### Task prompt
Starting with the line that contains "#10=(LENGTH_UNIT() NAMED_UNIT(*) SI_UNIT(.MILLI.,.METRE.));" and stopping after the line that contains "#20=DIRECTION('',(0.,1.,0.));", return each line below exactly as written, with no others.

Exercise inputs section start

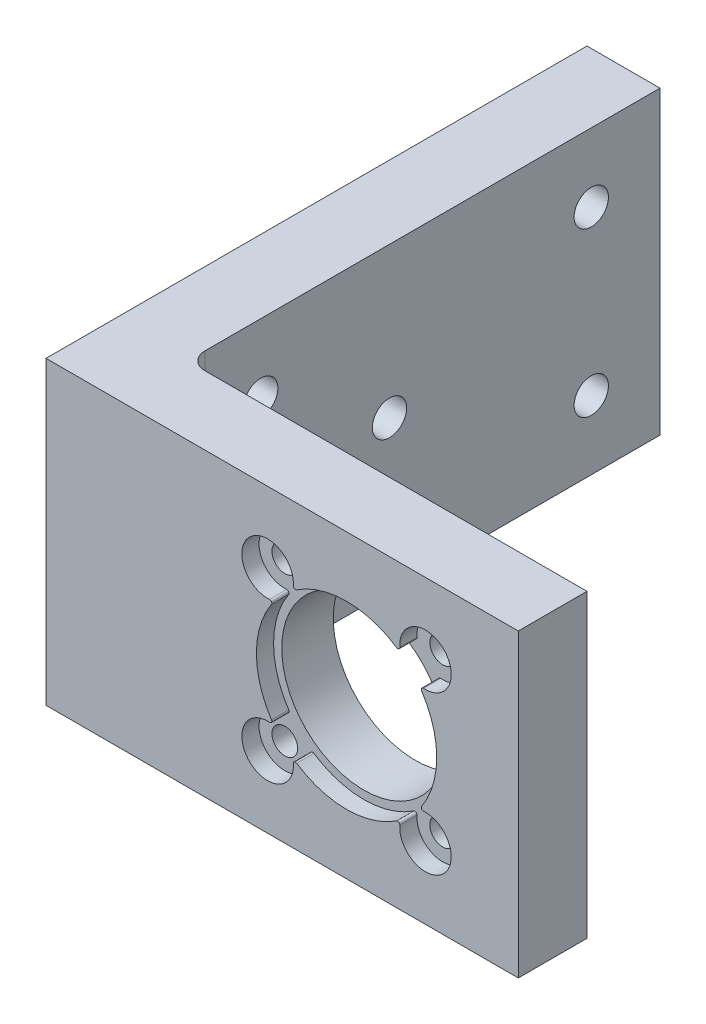
ISO-10303-21;
HEADER;
FILE_DESCRIPTION(('STEP AP214'),'2;1');
FILE_NAME('part.step','',(''),(''),'','','');
FILE_SCHEMA(('AUTOMOTIVE_DESIGN { 1 0 10303 214 1 1 1 1 }'));
ENDSEC;
DATA;
#1=APPLICATION_CONTEXT('core data for automotive mechanical design processes');
#2=APPLICATION_PROTOCOL_DEFINITION('international standard','automotive_design',2000,#1);
#3=PRODUCT_CONTEXT('',#1,'mechanical');
#4=PRODUCT('Part','Part','',(#3));
#5=PRODUCT_RELATED_PRODUCT_CATEGORY('part','',(#4));
#6=PRODUCT_DEFINITION_FORMATION('','',#4);
#7=PRODUCT_DEFINITION_CONTEXT('part definition',#1,'design');
#8=PRODUCT_DEFINITION('design','',#6,#7);
#9=PRODUCT_DEFINITION_SHAPE('','',#8);
#10=(LENGTH_UNIT() NAMED_UNIT(*) SI_UNIT(.MILLI.,.METRE.));
#11=(NAMED_UNIT(*) PLANE_ANGLE_UNIT() SI_UNIT($,.RADIAN.));
#12=(NAMED_UNIT(*) SI_UNIT($,.STERADIAN.) SOLID_ANGLE_UNIT());
#13=UNCERTAINTY_MEASURE_WITH_UNIT(LENGTH_MEASURE(1.E-05),#10,'distance_accuracy_value','');
#14=(GEOMETRIC_REPRESENTATION_CONTEXT(3) GLOBAL_UNCERTAINTY_ASSIGNED_CONTEXT((#13)) GLOBAL_UNIT_ASSIGNED_CONTEXT((#10,
#11,#12)) REPRESENTATION_CONTEXT('',''));
#15=CARTESIAN_POINT('',(0.,0.,0.));
#16=DIRECTION('',(0.,0.,1.));
#17=DIRECTION('',(1.,0.,0.));
#18=AXIS2_PLACEMENT_3D('',#15,#16,#17);
#19=CARTESIAN_POINT('',(10.5,0.,-2.));
#20=DIRECTION('',(0.,1.,0.));
#21=DIRECTION('',(-1.,0.,0.));
#22=AXIS2_PLACEMENT_3D('',#19,#20,#21);
#23=CYLINDRICAL_SURFACE('',#22,2.);
#24=DIRECTION('',(0.,1.,0.));
#25=VECTOR('',#24,1.);
#26=CARTESIAN_POINT('',(10.5,0.,0.));
#27=LINE('',#26,#25);
#28=CARTESIAN_POINT('',(10.5,0.,0.));
#29=VERTEX_POINT('',#28);
#30=CARTESIAN_POINT('',(10.5,35.,0.));
#31=VERTEX_POINT('',#30);
#32=EDGE_CURVE('E382',#29,#31,#27,.T.);
#33=ORIENTED_EDGE('',*,*,#32,.F.);
#34=CARTESIAN_POINT('',(10.5,0.,-2.));
#35=DIRECTION('',(0.,1.,0.));
#36=DIRECTION('',(-1.,0.,0.));
#37=AXIS2_PLACEMENT_3D('',#34,#35,#36);
#38=CIRCLE('',#37,2.);
#39=CARTESIAN_POINT('',(8.5,0.,-1.99999999999999));
#40=VERTEX_POINT('',#39);
#41=EDGE_CURVE('E41',#29,#40,#38,.F.);
#42=ORIENTED_EDGE('',*,*,#41,.T.);
#43=DIRECTION('',(0.,1.,0.));
#44=VECTOR('',#43,1.);
#45=CARTESIAN_POINT('',(8.5,0.,-2.));
#46=LINE('',#45,#44);
#47=CARTESIAN_POINT('',(8.5,35.,-1.99999999999999));
#48=VERTEX_POINT('',#47);
#49=EDGE_CURVE('E385',#48,#40,#46,.F.);
#50=ORIENTED_EDGE('',*,*,#49,.F.);
#51=CARTESIAN_POINT('',(10.5,35.,-2.));
#52=DIRECTION('',(0.,-1.,0.));
#53=DIRECTION('',(1.,0.,0.));
#54=AXIS2_PLACEMENT_3D('',#51,#52,#53);
#55=CIRCLE('',#54,2.);
#56=EDGE_CURVE('E11',#48,#31,#55,.F.);
#57=ORIENTED_EDGE('',*,*,#56,.T.);
#58=EDGE_LOOP('',(#33,#42,#50,#57));
#59=FACE_BOUND('',#58,.T.);
#60=ADVANCED_FACE('F34',(#59),#23,.F.);
#61=CARTESIAN_POINT('',(0.,0.,6.));
#62=DIRECTION('',(0.,0.,-1.));
#63=DIRECTION('',(-1.,0.,0.));
#64=AXIS2_PLACEMENT_3D('',#61,#62,#63);
#65=PLANE('',#64);
#66=CARTESIAN_POINT('',(25.8076118445749,26.6923881554251,6.));
#67=DIRECTION('',(0.,0.,1.));
#68=DIRECTION('',(-1.,0.,0.));
#69=AXIS2_PLACEMENT_3D('',#66,#67,#68);
#70=CIRCLE('',#69,1.5);
#71=CARTESIAN_POINT('',(24.3076118445749,26.6923881554251,6.));
#72=VERTEX_POINT('',#71);
#73=EDGE_CURVE('E337',#72,#72,#70,.T.);
#74=ORIENTED_EDGE('',*,*,#73,.F.);
#75=EDGE_LOOP('',(#74));
#76=FACE_BOUND('',#75,.T.);
#77=CARTESIAN_POINT('',(25.8076118445749,8.30761184457487,6.));
#78=DIRECTION('',(0.,0.,1.));
#79=DIRECTION('',(1.,0.,0.));
#80=AXIS2_PLACEMENT_3D('',#77,#78,#79);
#81=CIRCLE('',#80,1.5);
#82=CARTESIAN_POINT('',(27.3076118445749,8.30761184457487,6.));
#83=VERTEX_POINT('',#82);
#84=EDGE_CURVE('E343',#83,#83,#81,.T.);
#85=ORIENTED_EDGE('',*,*,#84,.F.);
#86=EDGE_LOOP('',(#85));
#87=FACE_BOUND('',#86,.T.);
#88=CARTESIAN_POINT('',(44.1923881554251,8.30761184457487,6.));
#89=DIRECTION('',(0.,0.,1.));
#90=DIRECTION('',(-1.,0.,0.));
#91=AXIS2_PLACEMENT_3D('',#88,#89,#90);
#92=CIRCLE('',#91,1.5);
#93=CARTESIAN_POINT('',(42.6923881554251,8.30761184457487,6.));
#94=VERTEX_POINT('',#93);
#95=EDGE_CURVE('E349',#94,#94,#92,.T.);
#96=ORIENTED_EDGE('',*,*,#95,.F.);
#97=EDGE_LOOP('',(#96));
#98=FACE_BOUND('',#97,.T.);
#99=CARTESIAN_POINT('',(44.1923881554251,26.6923881554251,6.));
#100=DIRECTION('',(0.,0.,1.));
#101=DIRECTION('',(1.,0.,0.));
#102=AXIS2_PLACEMENT_3D('',#99,#100,#101);
#103=CIRCLE('',#102,1.50000000000001);
#104=CARTESIAN_POINT('',(45.6923881554251,26.6923881554251,6.));
#105=VERTEX_POINT('',#104);
#106=EDGE_CURVE('E355',#105,#105,#103,.T.);
#107=ORIENTED_EDGE('',*,*,#106,.F.);
#108=EDGE_LOOP('',(#107));
#109=FACE_BOUND('',#108,.T.);
#110=CARTESIAN_POINT('',(35.,17.5,6.));
#111=DIRECTION('',(0.,0.,1.));
#112=DIRECTION('',(1.,0.,0.));
#113=AXIS2_PLACEMENT_3D('',#110,#111,#112);
#114=CIRCLE('',#113,9.55000000000002);
#115=CARTESIAN_POINT('',(44.55,17.5,6.));
#116=VERTEX_POINT('',#115);
#117=EDGE_CURVE('E361',#116,#116,#114,.T.);
#118=ORIENTED_EDGE('',*,*,#117,.F.);
#119=EDGE_LOOP('',(#118));
#120=FACE_BOUND('',#119,.T.);
#121=CARTESIAN_POINT('',(35.,17.5,6.));
#122=DIRECTION('',(0.,0.,1.));
#123=DIRECTION('',(1.,0.,0.));
#124=AXIS2_PLACEMENT_3D('',#121,#122,#123);
#125=CIRCLE('',#124,10.5);
#126=CARTESIAN_POINT('',(26.25582245514,23.3128615211415,6.));
#127=VERTEX_POINT('',#126);
#128=CARTESIAN_POINT('',(26.25582245514,11.6871384788585,6.));
#129=VERTEX_POINT('',#128);
#130=EDGE_CURVE('E217',#127,#129,#125,.T.);
#131=ORIENTED_EDGE('',*,*,#130,.T.);
#132=CARTESIAN_POINT('',(26.047627751691,11.5487370140695,6.));
#133=DIRECTION('',(0.,0.,-1.));
#134=DIRECTION('',(-1.,0.,0.));
#135=AXIS2_PLACEMENT_3D('',#132,#133,#134);
#136=CIRCLE('',#135,0.250000000000001);
#137=CARTESIAN_POINT('',(26.0291649896051,11.2994196933391,6.));
#138=VERTEX_POINT('',#137);
#139=EDGE_CURVE('E206',#129,#138,#136,.T.);
#140=ORIENTED_EDGE('',*,*,#139,.T.);
#141=CARTESIAN_POINT('',(25.8076118445749,8.30761184457488,6.));
#142=DIRECTION('',(0.,0.,1.));
#143=DIRECTION('',(-1.,0.,0.));
#144=AXIS2_PLACEMENT_3D('',#141,#142,#143);
#145=CIRCLE('',#144,3.);
#146=CARTESIAN_POINT('',(28.7994196933391,8.52916498960515,6.));
#147=VERTEX_POINT('',#146);
#148=EDGE_CURVE('E209',#138,#147,#145,.T.);
#149=ORIENTED_EDGE('',*,*,#148,.T.);
#150=CARTESIAN_POINT('',(29.0487370140695,8.547627751691,6.));
#151=DIRECTION('',(0.,0.,-1.));
#152=DIRECTION('',(1.,0.,0.));
#153=AXIS2_PLACEMENT_3D('',#150,#151,#152);
#154=CIRCLE('',#153,0.25);
#155=CARTESIAN_POINT('',(29.1871384788585,8.75582245514005,6.));
#156=VERTEX_POINT('',#155);
#157=EDGE_CURVE('E251',#147,#156,#154,.T.);
#158=ORIENTED_EDGE('',*,*,#157,.T.);
#159=CARTESIAN_POINT('',(35.,17.5,6.));
#160=DIRECTION('',(0.,0.,1.));
#161=DIRECTION('',(1.,0.,0.));
#162=AXIS2_PLACEMENT_3D('',#159,#160,#161);
#163=CIRCLE('',#162,10.5);
#164=CARTESIAN_POINT('',(40.8128615211414,8.75582245514005,6.));
#165=VERTEX_POINT('',#164);
#166=EDGE_CURVE('E254',#156,#165,#163,.T.);
#167=ORIENTED_EDGE('',*,*,#166,.T.);
#168=CARTESIAN_POINT('',(40.9512629859305,8.547627751691,6.));
#169=DIRECTION('',(0.,0.,-1.));
#170=DIRECTION('',(-1.,0.,0.));
#171=AXIS2_PLACEMENT_3D('',#168,#169,#170);
#172=CIRCLE('',#171,0.250000000000002);
#173=CARTESIAN_POINT('',(41.2005803066609,8.52916498960515,6.));
#174=VERTEX_POINT('',#173);
#175=EDGE_CURVE('E257',#165,#174,#172,.T.);
#176=ORIENTED_EDGE('',*,*,#175,.T.);
#177=CARTESIAN_POINT('',(44.1923881554251,8.30761184457488,6.));
#178=DIRECTION('',(0.,0.,1.));
#179=DIRECTION('',(1.,0.,0.));
#180=AXIS2_PLACEMENT_3D('',#177,#178,#179);
#181=CIRCLE('',#180,3.);
#182=CARTESIAN_POINT('',(43.9708350103948,11.2994196933391,6.));
#183=VERTEX_POINT('',#182);
#184=EDGE_CURVE('E260',#174,#183,#181,.T.);
#185=ORIENTED_EDGE('',*,*,#184,.T.);
#186=CARTESIAN_POINT('',(43.952372248309,11.5487370140695,6.));
#187=DIRECTION('',(0.,0.,-1.));
#188=DIRECTION('',(1.,0.,0.));
#189=AXIS2_PLACEMENT_3D('',#186,#187,#188);
#190=CIRCLE('',#189,0.25);
#191=CARTESIAN_POINT('',(43.7441775448599,11.6871384788585,6.));
#192=VERTEX_POINT('',#191);
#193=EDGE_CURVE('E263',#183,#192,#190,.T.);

Exercise inputs section end

### Result for this task
#10=(LENGTH_UNIT() NAMED_UNIT(*) SI_UNIT(.MILLI.,.METRE.));
#11=(NAMED_UNIT(*) PLANE_ANGLE_UNIT() SI_UNIT($,.RADIAN.));
#12=(NAMED_UNIT(*) SI_UNIT($,.STERADIAN.) SOLID_ANGLE_UNIT());
#13=UNCERTAINTY_MEASURE_WITH_UNIT(LENGTH_MEASURE(1.E-05),#10,'distance_accuracy_value','');
#14=(GEOMETRIC_REPRESENTATION_CONTEXT(3) GLOBAL_UNCERTAINTY_ASSIGNED_CONTEXT((#13)) GLOBAL_UNIT_ASSIGNED_CONTEXT((#10,
#11,#12)) REPRESENTATION_CONTEXT('',''));
#15=CARTESIAN_POINT('',(0.,0.,0.));
#16=DIRECTION('',(0.,0.,1.));
#17=DIRECTION('',(1.,0.,0.));
#18=AXIS2_PLACEMENT_3D('',#15,#16,#17);
#19=CARTESIAN_POINT('',(10.5,0.,-2.));
#20=DIRECTION('',(0.,1.,0.));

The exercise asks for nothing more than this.